(Data extracted from a collection)
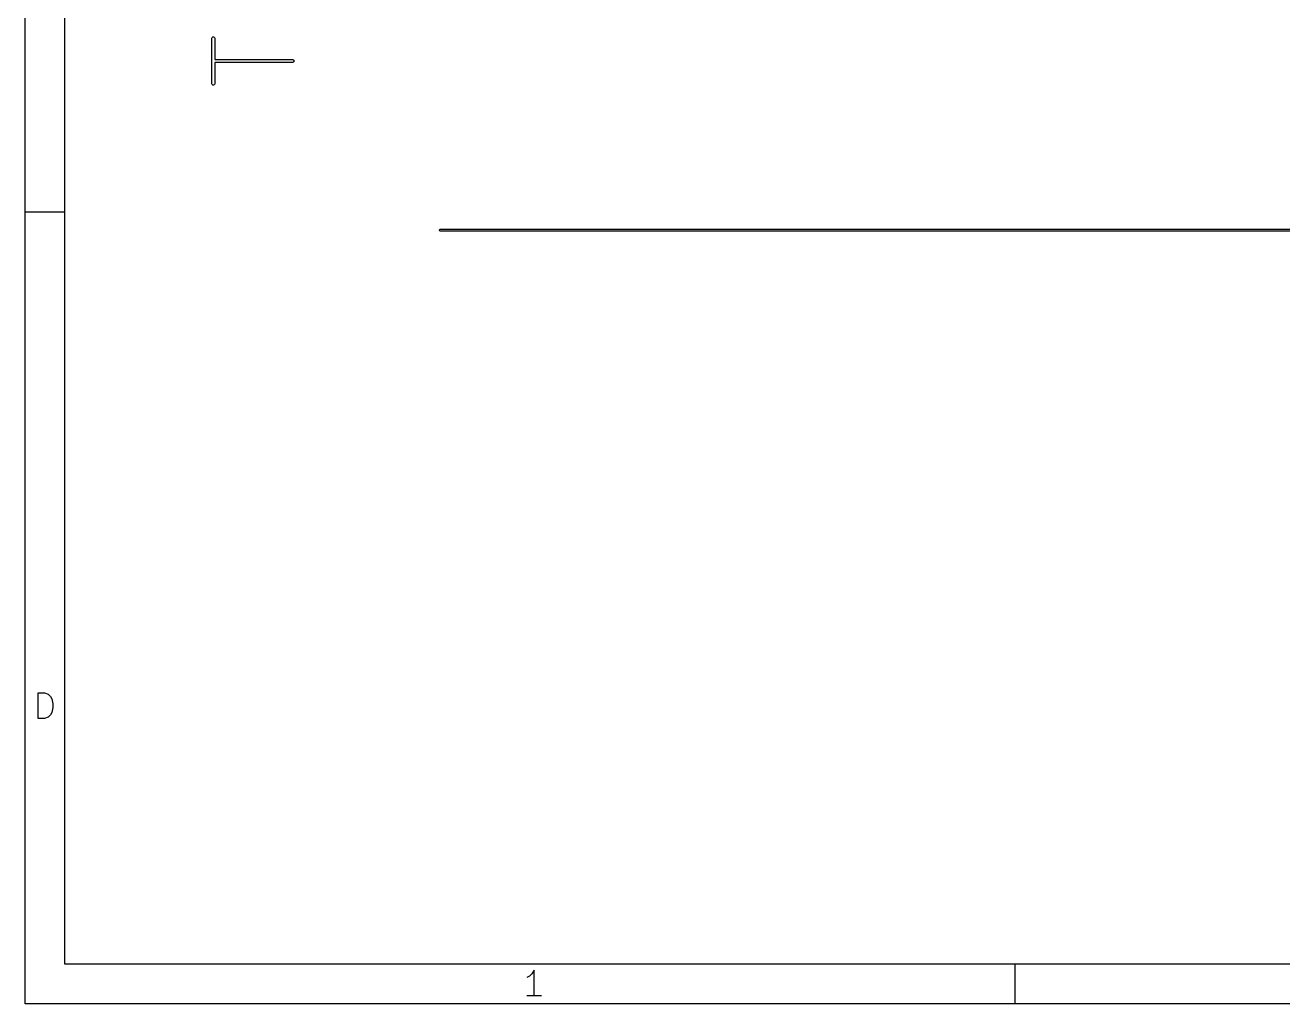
# Model space of a CAD drawing. Header units: inches. Extents: x 0.4 to 11.3, y -7.9 to -0.4.
# Drawn here: x 0.394 to 2.895, y -7.874 to -5.928 of the extents above; entities that cross this region are included whole.
import ezdxf

# ---------------------------------------------------------------- set-up
doc = ezdxf.new("R2010")
doc.units = ezdxf.units.IN
doc.header["$MEASUREMENT"] = 0
doc.layers.add('User.Drawings', color=9, linetype='CONTINUOUS', true_color=0xc2c2c2)

msp = doc.modelspace()

# ---------------------------------------------------------------- linework, layer by layer
at = {"layer": 'BLACK', "linetype": 'CONTINUOUS'}
for p, q in [((0.3937, -7.8743), (0.3937, -0.3937)), ((0.4724, -7.7956), (0.4724, -0.4724)), ((0.3937, -6.2992), (0.4724, -6.2992)), ((0.4197, -7.3068), (0.4197, -7.2557)), ((0.4197, -7.2557), (0.4319, -7.2557)), ((0.4319, -7.2557), (0.4392, -7.2581)), ((0.4392, -7.2581), (0.444, -7.263)), ((0.444, -7.263), (0.4465, -7.2678)), ((0.4465, -7.2678), (0.4489, -7.2776)), ((0.4489, -7.2776), (0.4489, -7.2849)), ((0.444, -7.2995), (0.4392, -7.3044)), ((0.4465, -7.2946), (0.444, -7.2995)), ((0.4489, -7.2849), (0.4465, -7.2946)), ((0.4319, -7.3068), (0.4197, -7.3068)), ((0.4392, -7.3044), (0.4319, -7.3068)), ((11.2206, -7.7956), (0.4724, -7.7956)), ((2.3622, -7.7956), (2.3622, -7.8743)), ((1.3965, -7.8193), (1.3916, -7.8217)), ((1.4013, -7.8144), (1.3965, -7.8193)), ((1.4062, -7.8071), (1.4013, -7.8144)), ((1.4062, -7.8583), (1.4062, -7.8071)), ((11.2993, -7.8743), (0.3937, -7.8743)), ((1.4208, -7.8583), (1.3916, -7.8583))]:
    msp.add_line(p, q, dxfattribs=at)
at = {"layer": 'User.Drawings', "linetype": 'CONTINUOUS'}
for p, q in [((0.7649, -5.9535), (0.7654, -5.9525)), ((0.7654, -5.9525), (0.7662, -5.9517)), ((0.7662, -5.9517), (0.7672, -5.9512)), ((0.7672, -5.9512), (0.7684, -5.9512)), ((0.7684, -5.9512), (0.7695, -5.9517)), ((0.7695, -5.9517), (0.7703, -5.9525)), ((0.7703, -5.9525), (0.7707, -5.9535)), ((0.7649, -5.9541), (0.7649, -5.9535)), ((0.7649, -6.0441), (0.7649, -5.9541)), ((0.7707, -5.9535), (0.7708, -5.9541)), ((0.7708, -5.9541), (0.7708, -5.9962)), ((0.7708, -5.9962), (0.9253, -5.9962)), ((0.9253, -6.0021), (0.7708, -6.0021)), ((0.7708, -6.0021), (0.7708, -6.0441)), ((0.9253, -5.9962), (0.9259, -5.9962)), ((0.9259, -6.002), (0.9253, -6.0021)), ((0.9259, -5.9962), (0.9269, -5.9967)), ((0.9269, -6.0016), (0.9259, -6.002)), ((0.9269, -5.9967), (0.9278, -5.9975)), ((0.9278, -6.0008), (0.9269, -6.0016)), ((0.9278, -5.9975), (0.9282, -5.9985)), ((0.9282, -5.9997), (0.9278, -6.0008)), ((0.9282, -5.9985), (0.9282, -5.9997)), ((0.7649, -6.0447), (0.7649, -6.0441)), ((0.7654, -6.0457), (0.7649, -6.0447)), ((0.7662, -6.0466), (0.7654, -6.0457)), ((0.7672, -6.047), (0.7662, -6.0466)), ((0.7684, -6.047), (0.7672, -6.047)), ((0.7695, -6.0466), (0.7684, -6.047)), ((0.7703, -6.0457), (0.7695, -6.0466)), ((0.7707, -6.0447), (0.7703, -6.0457)), ((0.7708, -6.0441), (0.7707, -6.0447)), ((1.2175, -6.3351), (1.2186, -6.334)), ((1.2175, -6.3366), (1.2175, -6.3351)), ((1.2186, -6.3377), (1.2175, -6.3366)), ((1.2186, -6.334), (1.2193, -6.3339)), ((1.2193, -6.3378), (1.2186, -6.3377)), ((1.2193, -6.3339), (11.1004, -6.3339)), ((11.1267, -6.3378), (1.2193, -6.3378))]:
    msp.add_line(p, q, dxfattribs=at)

doc.saveas('drawing.dxf')

_ABOUT THIS TASK:_ Match on "User": copy every line in the records that has it.

_RESULT OF THIS TASK:_
doc.layers.add('User.Drawings', color=9, linetype='CONTINUOUS', true_color=0xc2c2c2)
at = {"layer": 'User.Drawings', "linetype": 'CONTINUOUS'}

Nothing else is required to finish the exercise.